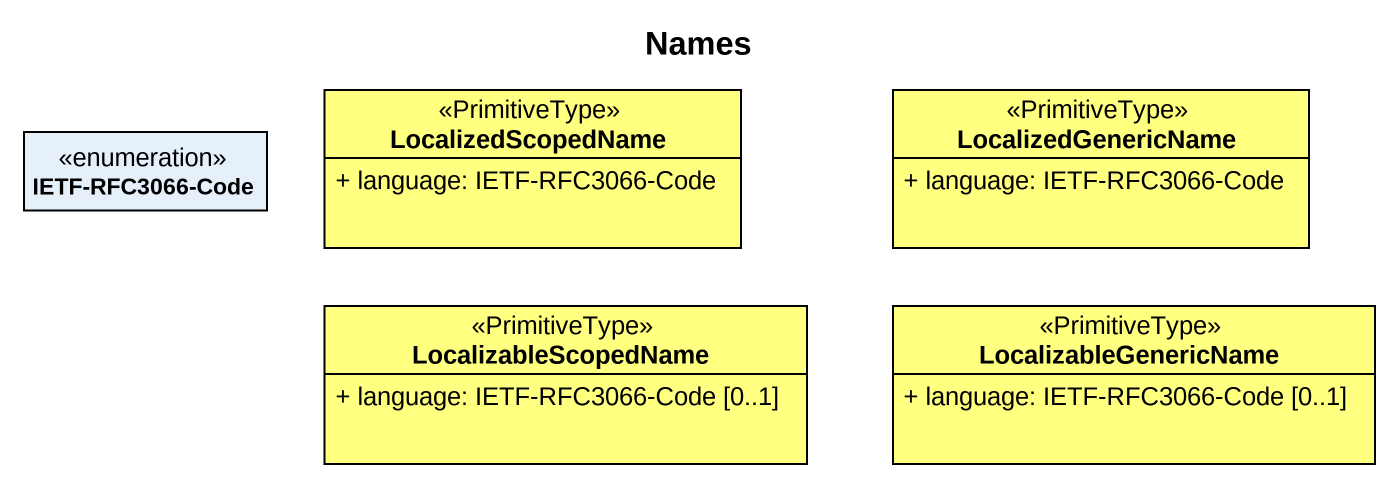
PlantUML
@startuml
title Names
hide circle
hide empty members
skinparam classAttributeIconSize 0
class LocalizedScopedName <<PrimitiveType>> #FFFF80 {
  + language: IETF-RFC3066-Code
}
class LocalizedGenericName <<PrimitiveType>> #FFFF80 {
  + language: IETF-RFC3066-Code
}
enum "IETF-RFC3066-Code" as IETF_RFC3066_Code
class LocalizableScopedName <<PrimitiveType>> #FFFF80 {
  + language: IETF-RFC3066-Code [0..1]
}
class LocalizableGenericName <<PrimitiveType>> #FFFF80 {
  + language: IETF-RFC3066-Code [0..1]
}
@enduml

■ WORK INSTRUCTION
If a line in the data holds the word "PrimitiveType", count it, then state the total alone.

■ SOLUTION TO THE PROBLEM
4